Consequently they oppose any attempt to change the legal framework of land tenure that would usher in changes in the allocation and/or redistribution of land, because they want to leave unaltered relationships among Lesotho's social groups.
As the resource land is concentrated in the hands of the chiefs, most farmers are compelled to make their livelihood outside the rural areas, and so are expelled from the countryside. Even considering only agricultural effectiveness, the lack of land or the land scarcity for large strata of the population is a decisive factor, in creating a context of poor agricultural performance. On the other side, availability of land for the chiefs is not utilized as a basis for increased output, which contributes to stagnation in agriculture and the general economic situation. Politically and socially, maintaining the current framework of land tenure contributes importantly to leaving the balance of power unaltered.
Attempts at development can come only from changes in land tenure aiming at a fairer distribution of land and of other inputs (cattle, labour and other) applied to the agricultural productive process. These changes would have decisive micro-economic consequences for the single farmers.
Evidence from other semi-arid, degradation-prone African areas shows that a process of agricultural intensification focussed mainly on labour input can lead to increasing production coupled with stable or even improving soil situation.
Empirical studies from Kenya and Nigeria show successful examples of sustainable management of resources attained during steady increases in population. In two particular areas of these two countries, the following trends occurred:
All these facts reflect a situation of intensification, with agriculture becoming more and more economically important for the area. The most important reasons of the success of these agricultural systems appear to be the increasing quantity of labour inputs utilized and the incentive of producing for internal and external markets.
Sound agricultural systems are always the result of a whole complex of variables which interact together and mutually reinforce.
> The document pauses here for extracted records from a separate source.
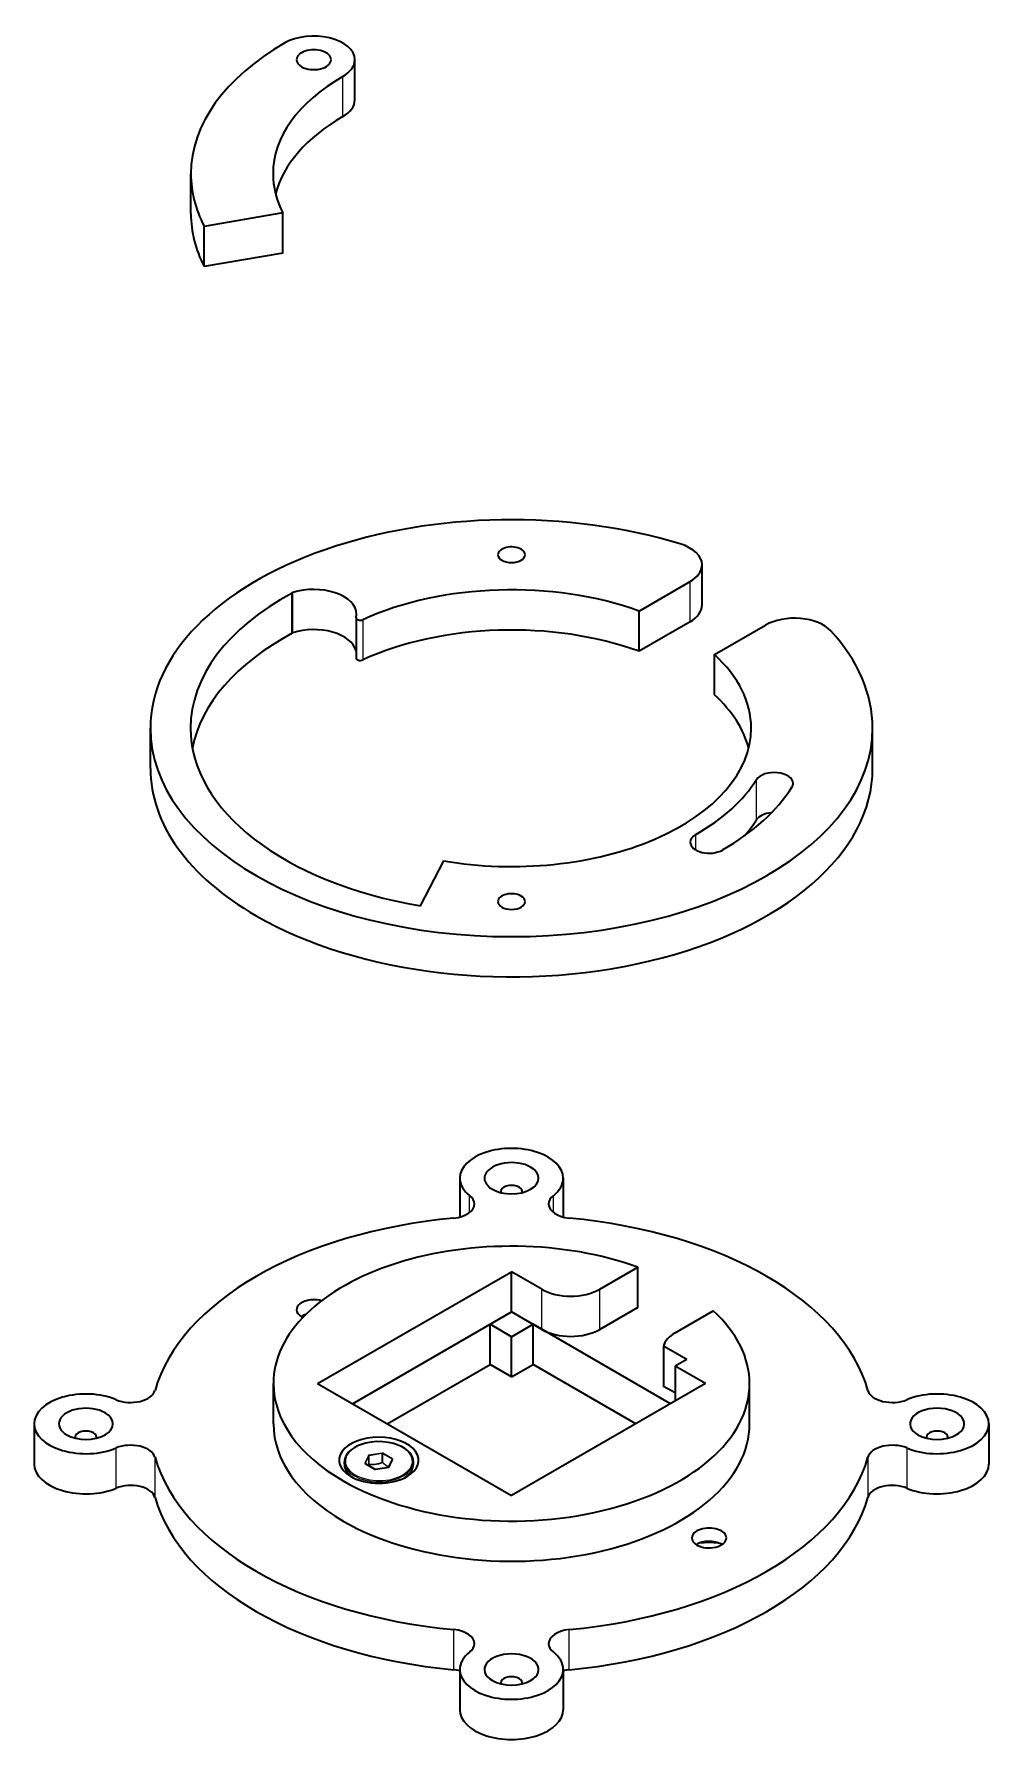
# Model space of a CAD drawing. Extents: x 294 to 980, y 102 to 739.
# Drawn here: x 706.4 to 822.7, y 530.5 to 738.5 of the extents above; entities that cross this region are included whole.
import ezdxf

# ---------------------------------------------------------------- set-up
doc = ezdxf.new("R2010")
doc.units = 0

msp = doc.modelspace()

# ---------------------------------------------------------------- linework, layer by layer
at = {"color": 7, "lineweight": 35, "ltscale": 0.122473}
for p, q in [((745.44, 730.52), (745.44, 735.42)), ((779.93, 583.35), (779.93, 588.25))]:
    msp.add_line(p, q, dxfattribs=at)
at = {"color": 7, "lineweight": 13, "ltscale": 0.122475}
for p, q in [((743.98, 728.48), (743.98, 733.38)), ((737.88, 665.56), (737.88, 670.46)), ((786.28, 666.91), (786.28, 671.81)), ((746.4, 667.17), (746.4, 662.27)), ((794.38, 642.77), (794.38, 647.67)), ((768.21, 580.66), (768.21, 585.56)), ((775.28, 580.66), (775.28, 585.56)), ((716.37, 561.31), (716.37, 566.21)), ((812.69, 566.21), (812.69, 561.31)), ((721.1, 560.18), (721.1, 565.08)), ((807.96, 565.08), (807.96, 560.18)), ((757.49, 539.18), (757.49, 544.07)), ((771.57, 539.18), (771.57, 544.07))]:
    msp.add_line(p, q, dxfattribs=at)
at = {"color": 7, "lineweight": 35, "ltscale": 0.122475}
for p, q in [((725.47, 716.62), (725.47, 721.52)), ((736.66, 711.85), (736.66, 716.75)), ((727.07, 710.21), (727.07, 715.11)), ((787.75, 668.95), (787.75, 673.85)), ((780.07, 663.32), (780.07, 668.22)), ((745.59, 667.39), (745.59, 662.49)), ((789.26, 658.02), (789.26, 662.91)), ((720.53, 649.04), (720.53, 653.94)), ((808.53, 649.04), (808.53, 653.94)), ((764.53, 582.79), (764.53, 587.68)), ((761.91, 576.38), (761.91, 581.28)), ((767.15, 576.38), (767.15, 581.28)), ((764.53, 574.87), (764.53, 579.76)), ((783.05, 578.62), (783.05, 573.72)), ((735.52, 569.15), (735.52, 574.05)), ((793.54, 569.15), (793.54, 574.05)), ((706.37, 569.15), (706.37, 564.25)), ((822.69, 569.15), (822.69, 564.25)), ((758.23, 539.21), (758.23, 534.31)), ((770.83, 539.21), (770.83, 534.31))]:
    msp.add_line(p, q, dxfattribs=at)
at = {"color": 7, "lineweight": 35, "ltscale": 0.243185}
for p, q in [((736.66, 716.75), (727.07, 715.11)), ((736.66, 711.85), (727.07, 710.21))]:
    msp.add_line(p, q, dxfattribs=at)
at = {"color": 7, "lineweight": 13, "ltscale": 0.122473}
msp.add_line((737.78, 665.52), (737.78, 670.42), dxfattribs=at)
at = {"color": 7, "lineweight": 35, "ltscale": 0.179332}
for p, q in [((780.07, 668.22), (786.28, 671.81)), ((786.28, 666.91), (780.07, 663.32))]:
    msp.add_line(p, q, dxfattribs=at)
at = {"color": 7, "lineweight": 35, "ltscale": 0.179331}
msp.add_line((789.26, 662.91), (795.48, 666.5), dxfattribs=at)
at = {"color": 7, "lineweight": 13, "ltscale": 0.046948}
msp.add_line((786.99, 639.1), (786.99, 640.97), dxfattribs=at)
at = {"color": 7, "lineweight": 35, "ltscale": 0.15399}
msp.add_line((756.23, 637.77), (753.42, 632.29), dxfattribs=at)
at = {"color": 7, "lineweight": 35, "ltscale": 0.11844}
for p, q in [((758.23, 599.09), (758.23, 594.35)), ((770.83, 599.09), (770.83, 594.35))]:
    msp.add_line(p, q, dxfattribs=at)
at = {"color": 7, "lineweight": 13, "ltscale": 0.050905}
for p, q in [((759.43, 594.92), (759.43, 596.95)), ((769.63, 594.92), (769.63, 596.95))]:
    msp.add_line(p, q, dxfattribs=at)
at = {"color": 7, "lineweight": 35}
for p, q in [((740.91, 574.05), (764.53, 587.68)), ((745.15, 571.6), (764.53, 582.79)), ((740.91, 574.05), (764.53, 560.41)), ((788.15, 574.05), (764.53, 560.41))]:
    msp.add_line(p, q, dxfattribs=at)
at = {"color": 7, "lineweight": 35, "ltscale": 0.106144}
for p, q in [((768.21, 585.56), (764.53, 587.68)), ((768.21, 580.66), (764.53, 582.79))]:
    msp.add_line(p, q, dxfattribs=at)
at = {"color": 7, "lineweight": 35, "ltscale": 0.134218}
msp.add_line((775.28, 585.56), (779.93, 588.25), dxfattribs=at)
at = {"color": 7, "lineweight": 35, "ltscale": 0.134219}
for p, q in [((779.93, 583.35), (775.28, 580.66)), ((784.47, 580.25), (789.12, 582.94))]:
    msp.add_line(p, q, dxfattribs=at)
at = {"color": 7, "lineweight": 35, "ltscale": 0.483775}
for p, q in [((745.15, 571.6), (761.91, 581.28)), ((783.9, 571.6), (767.15, 581.28))]:
    msp.add_line(p, q, dxfattribs=at)
at = {"color": 7, "lineweight": 35, "ltscale": 0.075525}
for p, q in [((764.53, 579.76), (761.91, 581.28)), ((764.53, 579.76), (767.15, 581.28)), ((764.53, 574.87), (761.91, 576.38)), ((764.53, 574.87), (767.15, 576.38))]:
    msp.add_line(p, q, dxfattribs=at)
at = {"color": 7, "lineweight": 35, "ltscale": 0.08165}
msp.add_line((785.88, 576.99), (783.05, 578.62), dxfattribs=at)
at = {"color": 7, "lineweight": 35, "ltscale": 0.3613}
for p, q in [((749.4, 569.15), (761.91, 576.38)), ((779.66, 569.15), (767.15, 576.38))]:
    msp.add_line(p, q, dxfattribs=at)
at = {"color": 7, "lineweight": 35, "ltscale": 0.040824}
msp.add_line((785.88, 576.99), (784.47, 576.17), dxfattribs=at)
at = {"color": 7, "lineweight": 35, "ltscale": 0.106145}
for p, q in [((784.47, 576.17), (784.47, 571.93)), ((788.15, 574.05), (784.47, 576.17))]:
    msp.add_line(p, q, dxfattribs=at)
at = {"color": 7, "lineweight": 35, "ltscale": 0.040825}
msp.add_line((784.47, 572.91), (783.05, 573.72), dxfattribs=at)
at = {"color": 7, "lineweight": 35, "ltscale": 0.00732}
for p, q in [((744.17, 564.22), (744.17, 564.51)), ((752.57, 564.22), (752.57, 564.51))]:
    msp.add_line(p, q, dxfattribs=at)
at = {"color": 7, "lineweight": 13, "ltscale": 0.025734}
for p, q in [((747.09, 565.29), (746.65, 564.36)), ((747.13, 565.25), (746.7, 564.31)), ((749.65, 563.9), (750.08, 564.83))]:
    msp.add_line(p, q, dxfattribs=at)
at = {"color": 7, "lineweight": 13, "ltscale": 0.034176}
for p, q in [((746.68, 564.3), (747.86, 563.62)), ((750.02, 564.83), (748.84, 565.51))]:
    msp.add_line(p, q, dxfattribs=at)
at = {"color": 7, "lineweight": 35, "ltscale": 0.034176}
msp.add_line((746.7, 564.31), (747.89, 563.62), dxfattribs=at)
at = {"color": 7, "lineweight": 35, "ltscale": 0.000191654}
msp.add_line((746.7, 564.31), (746.7, 564.31), dxfattribs=at)
at = {"color": 7, "lineweight": 13, "ltscale": 0.002935}
msp.add_line((747.13, 564.19), (747.1, 564.08), dxfattribs=at)
at = {"color": 7, "lineweight": 13, "ltscale": 0.026364}
msp.add_line((747.13, 564.19), (747.13, 565.25), dxfattribs=at)
at = {"color": 7, "lineweight": 13, "ltscale": 0.002601}
msp.add_line((747.17, 564.16), (747.13, 564.06), dxfattribs=at)
at = {"color": 7, "lineweight": 13, "ltscale": 0.040914}
for p, q in [((748.77, 565.59), (747.16, 565.33)), ((748.79, 565.52), (747.17, 565.27))]:
    msp.add_line(p, q, dxfattribs=at)
at = {"color": 7, "lineweight": 13, "ltscale": 0.026366}
for p, q in [((747.17, 564.21), (747.17, 565.27)), ((748.79, 564.46), (748.79, 565.52)), ((748.84, 564.45), (748.84, 565.51))]:
    msp.add_line(p, q, dxfattribs=at)
at = {"color": 7, "lineweight": 35, "ltscale": 0.040912}
msp.add_line((747.95, 563.61), (749.57, 563.86), dxfattribs=at)
at = {"color": 7, "lineweight": 13, "ltscale": 0.040912}
msp.add_line((747.96, 563.61), (749.58, 563.86), dxfattribs=at)
at = {"color": 7, "lineweight": 13, "ltscale": 0.001324}
msp.add_line((748.79, 564.46), (748.81, 564.41), dxfattribs=at)
at = {"color": 7, "lineweight": 13, "ltscale": 0.001085}
msp.add_line((748.84, 564.38), (748.81, 564.41), dxfattribs=at)
at = {"color": 7, "lineweight": 13, "ltscale": 0.001073}
msp.add_line((748.87, 564.43), (748.84, 564.45), dxfattribs=at)
at = {"color": 7, "lineweight": 13, "ltscale": 0.034178}
msp.add_line((750.05, 564.89), (748.87, 565.57), dxfattribs=at)
at = {"color": 7, "lineweight": 35, "ltscale": 0.025734}
msp.add_line((749.6, 563.88), (750.04, 564.81), dxfattribs=at)
at = {"color": 7, "lineweight": 13, "ltscale": 0.001215}
msp.add_line((750.02, 564.78), (750.02, 564.83), dxfattribs=at)
at = {"color": 7, "lineweight": 35}
for points in [[(752.57, 564.51), (752.53, 564.83), (752.45, 565.08), (752.33, 565.33), (752.14, 565.61), (751.89, 565.86), (751.55, 566.13), (751.14, 566.37), (750.69, 566.57), (750.2, 566.74), (749.54, 566.88), (748.84, 566.97), (748.13, 566.98), (747.43, 566.92), (746.76, 566.79), (746.25, 566.65), (745.78, 566.46), (745.35, 566.24), (744.98, 565.98), (744.67, 565.69), (744.44, 565.39), (744.34, 565.23)], [(744.17, 564.22), (744.2, 563.9), (744.3, 563.6), (744.46, 563.31), (744.69, 563.02), (744.99, 562.75), (745.19, 562.6)], [(752.39, 563.51), (752.21, 563.22), (751.94, 562.92), (751.59, 562.64), (751.54, 562.6)]]:
    msp.add_lwpolyline(points, dxfattribs=at)
at = {"color": 7, "lineweight": 13}
for points in [[(748.79, 564.46), (748.4, 564.33), (747.98, 564.23), (747.56, 564.2), (747.17, 564.21)], [(748.81, 564.41), (748.31, 564.25), (747.82, 564.16), (747.5, 564.14), (747.17, 564.16)], [(748.84, 564.38), (749.22, 564.08), (749.59, 563.87)], [(748.87, 564.43), (749.03, 564.29), (749.36, 564.05), (749.62, 563.91)]]:
    msp.add_lwpolyline(points, dxfattribs=at)
at = {"color": 7, "lineweight": 35}
for centre, radius, start, end in [((745.73, 564.5), 1.56, 152.4009, 179.5643), ((749.56, 563.93), 0.0644, 275.0056, 307.6149), ((751.01, 564.23), 1.56, 332.3907, 359.5807), ((747.93, 563.72), 0.106, 244.7011, 280.1215)]:
    msp.add_arc(centre, radius, start, end, dxfattribs=at)
at = {"color": 7, "lineweight": 13}
msp.add_arc((747.18, 564.2), 0.0484, 196.6983, 251.7895, dxfattribs=at)
at = {"color": 7, "lineweight": 35}
for centre, major_axis, start_param, end_param in [((740.44, 735.42), (5, 0), 0, 2.356194), ((764.53, 721.52), (39.06, 0), 2.356194, 3.141641), ((740.44, 735.42), (2.1, 0), 6.283185, 9.424778), ((740.44, 735.42), (2.1, 0), 3.141593, 3.926991), ((740.44, 735.42), (2.1, 0), 3.926991, 6.283185), ((740.44, 735.42), (5, 0), 5.497787, 6.283185), ((764.53, 721.52), (29.06, 0), 2.356194, 3.141641), ((740.44, 730.52), (5, 0), 5.497787, 6.283185), ((764.53, 716.62), (29.06, 0), 2.356194, 2.995088), ((764.53, 721.52), (39.06, 0), 3.141641, 3.429572), ((764.53, 721.52), (29.06, 0), 3.141641, 3.429572), ((764.53, 716.62), (39.06, 0), 3.141641, 3.429572), ((764.53, 653.94), (44, 0), 1.08472, 3.141632), ((764.53, 675.08), (1.65, 0), 0.785398, 3.141593), ((782.75, 673.85), (5, 0), 6.283185, 7.367905), ((764.53, 675.08), (1.65, 0), 3.141593, 6.283185), ((764.53, 675.08), (1.65, 0), 0, 0.785398), ((764.53, 653.94), (29.21, 0), 1.009781, 2.240349), ((782.75, 673.85), (5, 0), 5.497787, 6.283185), ((764.53, 653.94), (39.11, 0), 2.323714, 3.141551), ((738.13, 670.21), (0.5, 0), 2.086123, 2.323714), ((740.44, 667.85), (5.2, 0), 0.000002, 2.086123), ((740.44, 667.85), (5.2, 0), 6.144453, 6.283187), ((782.75, 668.95), (5, 0), 5.497787, 6.283185), ((740.44, 662.95), (5.2, 0), 0.144703, 2.086123), ((746.09, 667.39), (0.5, 0), 3.00286, 3.141666), ((746.09, 667.39), (0.5, 0), 3.141666, 5.381941), ((764.53, 649.04), (29.21, 0), 1.009781, 2.240349), ((799.01, 664.46), (5, 0), 0.486077, 2.356194), ((764.53, 653.94), (44, 0), 6.283184, 6.769262), ((764.53, 649.04), (39.11, 0), 2.323714, 3.032907), ((738.13, 665.31), (0.5, 0), 2.086123, 2.323714), ((746.09, 662.49), (0.5, 0), 3.141666, 5.381941), ((764.53, 653.94), (29.21, 0), 0.00005, 0.561015), ((764.53, 649.04), (29.21, 0), 0.145747, 0.561015), ((764.53, 653.94), (44, 0), 3.141632, 6.283184), ((764.53, 653.94), (39.11, 0), 3.141551, 4.42441), ((764.53, 653.94), (29.21, 0), 4.42441, 6.283235), ((764.53, 649.04), (44, 0), 3.141632, 3.926991), ((764.53, 649.04), (44, 0), 3.926991, 6.283184), ((764.53, 653.94), (31.76, 0), 5.497787, 5.934119), ((796.54, 647.21), (2.3, 0), 6.283064, 9.075712), ((796.54, 647.21), (2.3, 0), 5.934119, 6.283064), ((764.53, 653.94), (36.36, 0), 5.497787, 5.934119), ((796.54, 642.32), (-2.3, 0), 4.8581, 5.934119), ((788.61, 640.03), (2.3, 0), 2.356194, 3.141593), ((764.53, 649.04), (-31.76, 0), 2.677291, 2.792527), ((788.61, 640.03), (2.3, 0), 3.141593, 5.497787), ((764.53, 632.81), (1.65, 0), 0.785398, 3.141593), ((764.53, 632.81), (1.65, 0), 3.141593, 6.283185), ((764.53, 632.81), (1.65, 0), 0, 0.785398), ((764.53, 599.09), (6.3, 0), 6.283185, 9.424778), ((764.53, 599.09), (3.3, 0), 0.785398, 3.926991), ((764.53, 599.09), (3.3, 0), 5.497787, 7.068583), ((764.53, 599.09), (6.3, 0), 3.141593, 3.769947), ((764.53, 599.09), (3.3, 0), 3.926991, 5.497787), ((764.53, 597.46), (1.3, 0), 0, 3.141593), ((764.53, 597.46), (1.3, 0), 3.141593, 3.304915), ((764.53, 597.46), (1.3, 0), 6.119864, 6.283185), ((764.53, 599.09), (6.3, 0), 5.654831, 6.283185), ((757.01, 595.94), (3, 0), 4.873159, 6.283139), ((757.01, 595.94), (3, 0), 6.283139, 6.911539), ((772.05, 595.94), (3, 0), 2.513239, 3.141639), ((772.05, 595.94), (3, 0), 3.141639, 4.551619), ((764.53, 569.15), (44, 0), 1.731566, 2.980823), ((764.53, 569.15), (44, 0), 0.16077, 1.410027), ((764.53, 574.05), (29.01, 0), 1.011355, 3.1416), ((771.74, 587.6), (5, 0), 3.926991, 5.497787), ((740.44, 583.06), (2.1, 0), 1.11088, 3.141593), ((740.44, 583.06), (2.1, 0), 3.141593, 3.926991), ((740.44, 581.42), (-2.1, 0), 5.188806, 5.544341), ((764.53, 574.05), (29.01, 0), 6.283174, 6.842627), ((740.44, 583.06), (2.1, 0), 3.926991, 4.022778), ((740.44, 578.16), (-7.5, 0), 4.848374, 4.867049), ((771.74, 582.7), (5, 0), 3.926991, 5.497787), ((788, 578.21), (5, 0), 2.356194, 2.999696), ((712.67, 569.15), (6.3, 0), 0.942442, 3.141593), ((718.13, 573.49), (3, 0), 4.084035, 6.122416), ((764.53, 574.05), (29.01, 0), 3.1416, 3.926991), ((764.53, 574.05), (29.01, 0), 3.926991, 6.283174), ((810.92, 573.49), (3, 0), 3.302362, 5.340743), ((816.39, 569.15), (6.3, 0), 6.283185, 8.482336), ((712.67, 569.15), (3.3, 0), 0.785398, 3.926991), ((712.67, 569.15), (3.3, 0), 5.497787, 7.068583), ((816.39, 569.15), (3.3, 0), 5.497787, 10.210176), ((712.67, 569.15), (6.3, 0), 3.141593, 5.340743), ((712.67, 567.52), (1.3, 0), 0, 3.141593), ((764.53, 569.15), (29.01, 0), 3.1416, 3.926991), ((764.53, 569.15), (29.01, 0), 3.926991, 6.283174), ((816.39, 569.15), (6.3, 0), 4.084035, 6.283185), ((816.39, 567.52), (1.3, 0), 0, 3.141593), ((712.67, 569.15), (3.3, 0), 3.926991, 5.497787), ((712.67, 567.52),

In Lesotho, the link between intensification (more labour, capital, inputs and produce per same unit of land) and conservation (of land and its natural qualities) has not been attained. The substitution of labour for scarce land cannot take place as the most productive labour force is employed in migrant work and not in agriculture. High population density is coupled with a population structure that is extremely age- and sex- imbalanced (with majority of women and elderly). Competitiveness of South African agricultural products is another major factor leading to, inter alia, very little investment or reinvestment in agriculture. With high population pressure and low inputs to agriculture, low productivity of agricultural labour and degradation of renewable resources are virtually unavoidable, making Lesotho the country with the highest rate of soil erosion in Africa.
Attempts to improve the situation can also come from macro-economic measures, such as a policy for changing the terms of external trade and a remunerative price policy for farmers.